Leyden Genevieve M, Sobczyk Maria K, Richardson Tom G, Gaunt Tom R
MRC Integrative Epidemiology Unit, Bristol Medical School, University of Bristol, Oakfield House, Bristol, BS8 2BN, UK.
Genome Med. 2025 May 15;17(1):54. doi: 10.1186/s13073-025-01472-2.
Mendelian randomization (MR) leverages trait associated genetic variants as instrumental variables (IVs) to determine causal relationships in epidemiology. However, genetic IVs for complex traits are typically highly heterogeneous and, at a molecular level, exert effects on different biological processes. Exploration of the biological underpinnings of such heterogeneity can enhance our understanding of disease mechanisms and inform therapeutic strategies. Here, we introduce a new approach to instrument partitioning based on enrichment of Mendelian disease categories (pathway-partitioned) and compare it to an existing method based on genetic colocalization in contrasting tissues (tissue-partitioned).
We employed individual- and summary-level MR methodologies using SNPs grouped by pathway informed by proximity to Mendelian disease genes affecting the renal system or vasculature (for blood pressure (BP)), or mental health and metabolic disorders (for body mass index (BMI)). We compared the causal effects of pathway-partitioned SNPs on cardiometabolic outcomes with those derived using tissue-partitioned SNPs informed by colocalization with gene expression in kidney, artery (BP), or adipose and brain tissues (BMI). Additionally, we assessed the likelihood that estimates observed for partitioned exposures could emerge by chance using random SNP sampling.

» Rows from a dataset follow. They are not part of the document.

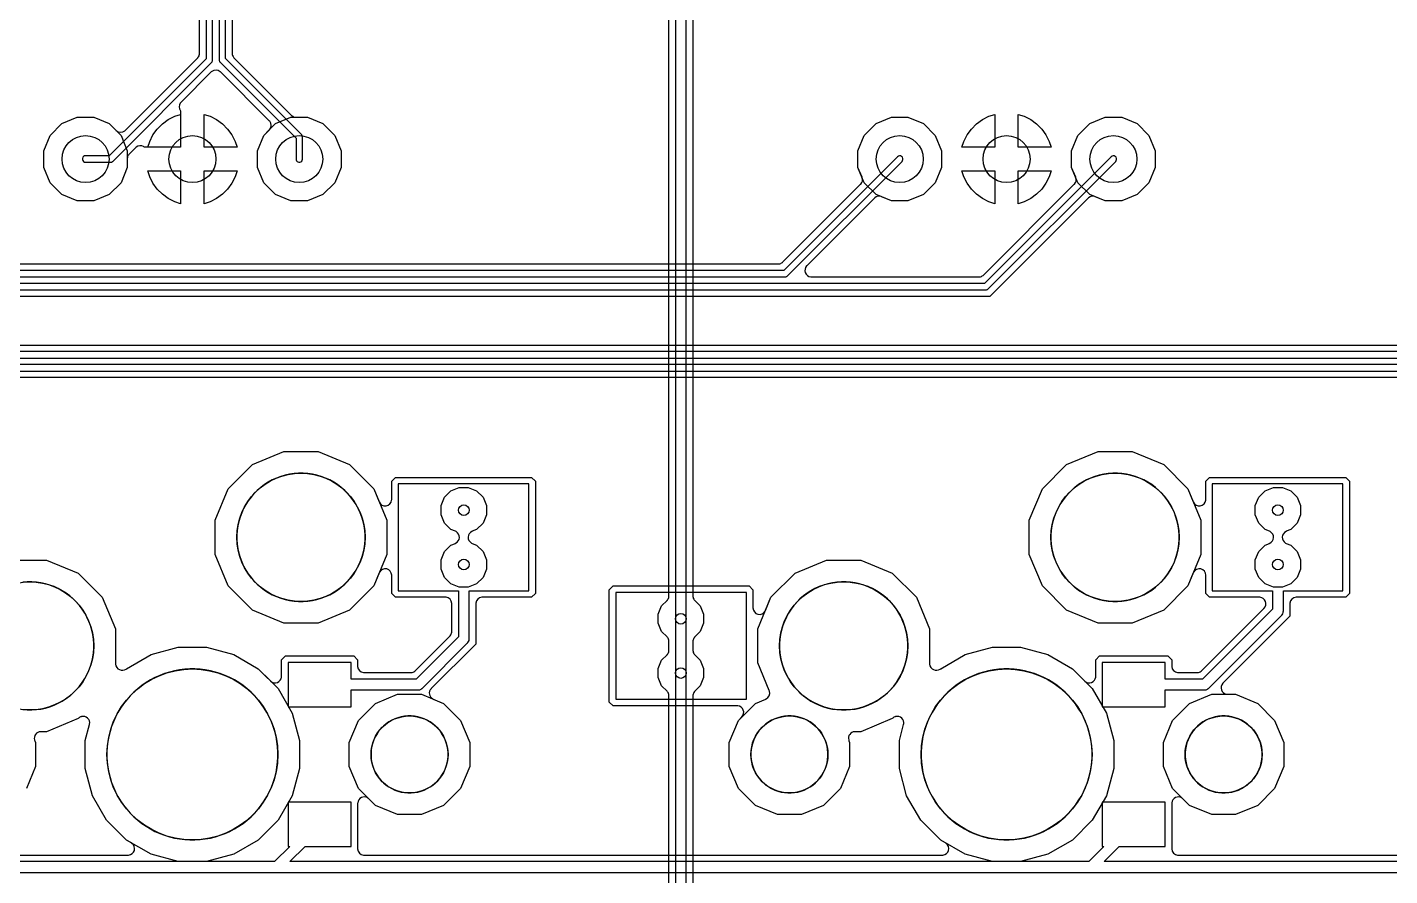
# Model space of a CAD drawing. Header units: millimetres. Extents: x 7.1 to 88.1, y 7.1 to 104.8.
# Drawn here: x 34.24 to 66.12, y 54.31 to 74.16 of the extents above; entities that cross this region are included whole.
import ezdxf

# ---------------------------------------------------------------- set-up
doc = ezdxf.new("R2010")
doc.units = ezdxf.units.MM

msp = doc.modelspace()

# ---------------------------------------------------------------- linework, layer by layer
at = {"layer": '16_copper'}
for points in [[(30.505, 68.629), (51.811, 68.629), (51.817, 68.629), (51.822, 68.629, 0.153128), (51.907, 68.663), (51.919, 68.673), (53.735, 70.49), (53.738, 70.493), (53.742, 70.497, 0.258801), (53.774, 70.641), (53.768, 70.656), (53.673, 70.887), (53.673, 71.276), (53.821, 71.635), (54.096, 71.91), (54.456, 72.059), (54.844, 72.059), (55.204, 71.91), (55.479, 71.635), (55.627, 71.276), (55.627, 70.887), (55.479, 70.528), (55.204, 70.253), (54.844, 70.104), (54.456, 70.104), (54.225, 70.2), (54.22, 70.201), (54.216, 70.203, 0.258803), (54.07, 70.177), (54.059, 70.166), (52.476, 68.584), (52.475, 68.582), (52.473, 68.581, 0.622974), (52.568, 68.325), (52.584, 68.324), (56.506, 68.324), (56.512, 68.324), (56.518, 68.324, 0.153128), (56.602, 68.358), (56.614, 68.368), (58.735, 70.49), (58.738, 70.493), (58.742, 70.497, 0.258801), (58.774, 70.641), (58.768, 70.656), (58.673, 70.887), (58.673, 71.276), (58.821, 71.635), (59.096, 71.91), (59.456, 72.059), (59.844, 72.059), (60.204, 71.91), (60.479, 71.635), (60.627, 71.276), (60.627, 70.887), (60.479, 70.528), (60.204, 70.253), (59.844, 70.104), (59.456, 70.104), (59.225, 70.2), (59.22, 70.201), (59.216, 70.203, 0.258803), (59.07, 70.177), (59.059, 70.166), (56.759, 67.867), (30.505, 67.867)], [(30.122, 66.424), (72.2, 66.424), (72.208, 66.425), (72.217, 66.426, 0.087654), (72.241, 66.436), (72.247, 66.441), (72.254, 66.446), (73.754, 67.946), (73.759, 67.953), (73.764, 67.959, 0.087651), (73.774, 67.984), (73.775, 67.991), (73.776, 68), (73.776, 71.081), (73.773, 71.103, 0.866051), (73.624, 71.081), (73.624, 68.032), (72.168, 66.576), (30.154, 66.576)], [(30.158, 66.119), (77.395, 66.119), (77.404, 66.12), (77.412, 66.121, 0.087654), (77.437, 66.131), (77.442, 66.136), (77.449, 66.141), (78.754, 67.446), (78.759, 67.453), (78.764, 67.459, 0.087651), (78.774, 67.484), (78.775, 67.491), (78.776, 67.5), (78.776, 71.081), (78.773, 71.103, 0.866051), (78.624, 71.081), (78.624, 67.532), (77.364, 66.271), (30.126, 66.271)], [(33.891, 61.698), (34.689, 61.698), (35.427, 61.392), (35.992, 60.827), (36.298, 60.089), (36.298, 59.263), (36.298, 59.261), (36.298, 59.259, 0.54334), (36.547, 59.145), (36.558, 59.155), (36.56, 59.157), (37.132, 59.487), (37.77, 59.658), (38.43, 59.658), (39.068, 59.487), (39.64, 59.157), (39.927, 58.87), (39.928, 58.869), (39.93, 58.867, 0.622974), (40.186, 58.962), (40.187, 58.978), (40.187, 59.367), (40.276, 59.456), (41.877, 59.456), (41.966, 59.367), (41.966, 59.217), (41.966, 59.213), (41.966, 59.209, 0.370187), (42.103, 59.065), (42.118, 59.064), (43.206, 59.064), (43.212, 59.065), (43.218, 59.065, 0.153128), (43.302, 59.099), (43.314, 59.109), (44.126, 59.921), (44.13, 59.926), (44.134, 59.929, 0.153125), (44.17, 60.013), (44.171, 60.029), (44.171, 60.675), (44.17, 60.679), (44.17, 60.683, 0.370187), (44.034, 60.827), (44.018, 60.828), (42.852, 60.828), (42.763, 60.917), (42.763, 61.341), (42.763, 61.342), (42.763, 61.343, 0.773611), (42.476, 61.414), (42.469, 61.399), (42.342, 61.093), (41.777, 60.528), (41.039, 60.222), (40.241, 60.222), (39.503, 60.528), (38.938, 61.093), (38.632, 61.831), (38.632, 62.629), (38.938, 63.367), (39.503, 63.932), (40.241, 64.238), (41.039, 64.238), (41.777, 63.932), (42.342, 63.367), (42.469, 63.061), (42.47, 63.06), (42.47, 63.059, 0.773607), (42.762, 63.103), (42.763, 63.119), (42.763, 63.543), (42.852, 63.632), (46.036, 63.632), (46.125, 63.543), (46.125, 60.917), (46.036, 60.828), (44.882, 60.828), (44.878, 60.827), (44.874, 60.827, 0.370187), (44.73, 60.691), (44.729, 60.675), (44.729, 59.734), (43.688, 58.693), (43.686, 58.69), (43.684, 58.689, 0.490286), (43.723, 58.451), (43.737, 58.444), (43.978, 58.344), (44.374, 57.948), (44.589, 57.43), (44.589, 56.87), (44.374, 56.352), (43.978, 55.956), (43.46, 55.741), (42.9, 55.741), (42.382, 55.956), (42.226, 56.112), (42.225, 56.113), (42.223, 56.114), (42.221, 56.116), (42.221, 56.116), (42.221, 56.116), (42.213, 56.122), (42.202, 56.131, 0.562966), (41.967, 56.019), (41.966, 56.004), (41.966, 54.947), (41.966, 54.943), (41.966, 54.939, 0.370187), (42.103, 54.795), (42.118, 54.794), (55.645, 54.794), (55.652, 54.795), (55.658, 54.795, 0.695635), (55.735, 55.07), (55.721, 55.079), (55.61, 55.143), (55.143, 55.61), (54.813, 56.182), (54.642, 56.82), (54.642, 57.48), (54.741, 57.849), (54.742, 57.855), (54.744, 57.861, 0.541105), (54.558, 58.036), (54.552, 58.035), (54.543, 58.032), (54.535, 58.029, 0.063309), (54.497, 58.007), (54.486, 57.996), (54.477, 57.988), (53.739, 57.682), (53.603, 57.682), (53.6, 57.682), (53.597, 57.682, 0.484479), (53.456, 57.489), (53.457, 57.486), (53.462, 57.471), (53.479, 57.43), (53.479, 56.87), (53.264, 56.352), (52.868, 55.956), (52.35, 55.741), (51.79, 55.741), (51.272, 55.956), (50.876, 56.352), (50.661, 56.87), (50.661, 57.43), (50.876, 57.948), (50.955, 58.027), (50.956, 58.028), (50.957, 58.029), (50.957, 58.03), (50.958, 58.03, 0.622974), (50.863, 58.287), (50.847, 58.288), (47.944, 58.288), (47.855, 58.377), (47.855, 61.003), (47.944, 61.092), (51.128, 61.092), (51.217, 61.003), (51.217, 60.579), (51.217, 60.578), (51.217, 60.577, 0.773611), (51.504, 60.506), (51.511, 60.521), (51.638, 60.827), (52.203, 61.392), (52.941, 61.698), (53.739, 61.698), (54.477, 61.392), (55.042, 60.827), (55.348, 60.089), (55.348, 59.263), (55.348, 59.261), (55.348, 59.259, 0.54334), (55.597, 59.145), (55.608, 59.155), (55.61, 59.157), (56.182, 59.487), (56.82, 59.658), (57.48, 59.658), (58.118, 59.487), (58.69, 59.157), (58.977, 58.87), (58.978, 58.869), (58.98, 58.867, 0.622974), (59.236, 58.962), (59.237, 58.978), (59.237, 59.367), (59.326, 59.456), (60.927, 59.456), (61.016, 59.367), (61.016, 59.217), (61.016, 59.213), (61.016, 59.209, 0.370187), (61.153, 59.065), (61.168, 59.064), (61.606, 59.064), (61.612, 59.065), (61.618, 59.065, 0.153128), (61.702, 59.099), (61.714, 59.109), (63.172, 60.567), (63.174, 60.569), (63.175, 60.57, 0.622974), (63.08, 60.827), (63.065, 60.828), (61.902, 60.828), (61.813, 60.917), (61.813, 61.341), (61.813, 61.342), (61.813, 61.343, 0.773611), (61.526, 61.414), (61.519, 61.399), (61.392, 61.093), (60.827, 60.528), (60.089, 60.222), (59.291, 60.222), (58.553, 60.528), (57.988, 61.093), (57.682, 61.831), (57.682, 62.629), (57.988, 63.367), (58.553, 63.932), (59.291, 64.238), (60.089, 64.238), (60.827, 63.932), (61.392, 63.367), (61.519, 63.061), (61.52, 63.06), (61.52, 63.059, 0.773607), (61.812, 63.103), (61.813, 63.119), (61.813, 63.543), (61.902, 63.632), (65.086, 63.632), (65.175, 63.543), (65.175, 60.917), (65.086, 60.828), (63.932, 60.828), (63.928, 60.827), (63.924, 60.827, 0.370187), (63.78, 60.691), (63.779, 60.675), (63.779, 60.384), (62.214, 58.819), (62.213, 58.817), (62.211, 58.816, 0.622974), (62.306, 58.56), (62.322, 58.559), (62.51, 58.559), (63.028, 58.344), (63.424, 57.948), (63.639, 57.43), (63.639, 56.87), (63.424, 56.352), (63.028, 55.956), (62.51, 55.741), (61.95, 55.741), (61.432, 55.956), (61.276, 56.112), (61.275, 56.113), (61.273, 56.114), (61.271, 56.116), (61.271, 56.116), (61.271, 56.116), (61.263, 56.122), (61.252, 56.131, 0.562966), (61.017, 56.019), (61.016, 56.004), (61.016, 54.947), (61.016, 54.943), (61.016, 54.939, 0.370187), (61.153, 54.795), (61.168, 54.794), (74.695, 54.794)], [(23.205, 54.794), (36.595, 54.794), (36.602, 54.795), (36.608, 54.795, 0.695635), (36.685, 55.07), (36.671, 55.079), (36.56, 55.143), (36.093, 55.61), (35.763, 56.182), (35.592, 56.82), (35.592, 57.48), (35.691, 57.849), (35.692, 57.855), (35.694, 57.861, 0.541065), (35.508, 58.036), (35.502, 58.035), (35.493, 58.032), (35.485, 58.029, 0.063321), (35.447, 58.007), (35.436, 57.996), (35.427, 57.988), (34.689, 57.682), (34.553, 57.682), (34.55, 57.682), (34.547, 57.682, 0.484479), (34.406, 57.489), (34.407, 57.486), (34.412, 57.471), (34.429, 57.43), (34.429, 56.87), (34.214, 56.352)]]:
    msp.add_lwpolyline(points, format="xyb", dxfattribs=at)
for points in [[(35.406, 70.104), (35.046, 70.253), (34.771, 70.528), (34.623, 70.887), (34.623, 71.276), (34.771, 71.635), (35.046, 71.91), (35.406, 72.059), (35.794, 72.059), (36.154, 71.91), (36.429, 71.635), (36.577, 71.276), (36.577, 70.887), (36.429, 70.528), (36.154, 70.253), (35.794, 70.104)], [(37.055, 71.356), (37.1, 71.495), (37.177, 71.647), (37.277, 71.784), (37.397, 71.904), (37.534, 72.004), (37.686, 72.081), (37.825, 72.126), (37.825, 71.356)], [(38.375, 71.356), (38.375, 72.126), (38.514, 72.081), (38.666, 72.004), (38.803, 71.904), (38.923, 71.784), (39.023, 71.647), (39.1, 71.495), (39.145, 71.356)], [(40.406, 70.104), (40.046, 70.253), (39.771, 70.528), (39.623, 70.887), (39.623, 71.276), (39.771, 71.635), (40.046, 71.91), (40.406, 72.059), (40.794, 72.059), (41.154, 71.91), (41.429, 71.635), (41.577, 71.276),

Our pathway-partitioned findings suggest the causal relationship between systolic BP and heart disease is predominantly driven by vessel over renal pathways. The stronger effect attributed to kidney over artery tissue in our tissue-partitioned MR hints at a multifaceted interplay between pathways in the disease aetiology. We consistently identified a dominant role for vessel (pathway) and artery (tissue) driving the negative directional effect of diastolic BP on left ventricular stroke volume and positive directional effect of systolic BP on type 2 diabetes. We also found when dissecting the BMI pathway contribution to atrial fibrillation that metabolic-pathway and brain-tissue IVs predominantly drove the causal effects relative to mental health and adipose in pathway- and tissue-partitioned MR analyses, respectively.
This study presents a novel approach to dissecting heterogeneity in MR by integrating clinical phenotypes associated with Mendelian disease. Our findings emphasize the importance of understanding pathway-/tissue-specific contributions to complex exposures when interpreting causal relationships in MR. Importantly, we advocate caution and robust validation when interpreting pathway-partitioned effect size differences.
孟德尔随机化(MR)利用与性状相关的基因变异作为工具变量(IVs)来确定流行病学中的因果关系。然而,复杂性状的基因IVs通常高度异质,并且在分子水平上对不同的生物过程产生影响。探索这种异质性的生物学基础可以增进我们对疾病机制的理解,并为治疗策略提供信息。在此,我们引入一种基于孟德尔疾病类别富集的工具划分新方法(通路划分法),并将其与现有的基于不同组织中基因共定位的方法(组织划分法)进行比较。
我们采用个体水平和汇总水平的MR方法,使用根据与影响肾脏系统或血管系统(针对血压(BP))的孟德尔疾病基因的接近程度分组的单核苷酸多态性(SNPs),或针对心理健康和代谢紊乱(针对体重指数(BMI))的SNPs。我们将通路划分的SNPs对心脏代谢结局的因果效应与使用通过与肾脏、动脉(针对BP)或脂肪和脑组织(针对BMI)中的基因表达共定位得出的组织划分的SNPs得出的因果效应进行比较。此外,我们使用随机SNP抽样评估了观察到的划分暴露估计值可能偶然出现的可能性。
我们通路划分的研究结果表明,收缩压与心脏病之间的因果关系主要由血管途径而非肾脏途径驱动。在我们组织划分的MR中,归因于肾脏组织而非动脉组织的更强效应暗示了疾病病因中各途径之间的多方面相互作用。我们一致确定血管(通路)和动脉(组织)在驱动舒张压对左心室每搏输出量的负向作用以及收缩压对2型糖尿病的正向作用方面起主导作用。我们还发现,在剖析BMI通路对心房颤动的贡献时,在通路划分和组织划分的MR分析中,代谢通路和脑组织IVs分别相对于心理健康和脂肪组织主要驱动了因果效应。
本研究提出了一种通过整合与孟德尔疾病相关的临床表型来剖析MR异质性的新方法。我们的研究结果强调了在解释MR中的因果关系时理解通路/组织特异性对复杂暴露的贡献的重要性。重要的是,我们主张在解释通路划分的效应大小差异时要谨慎并进行有力验证。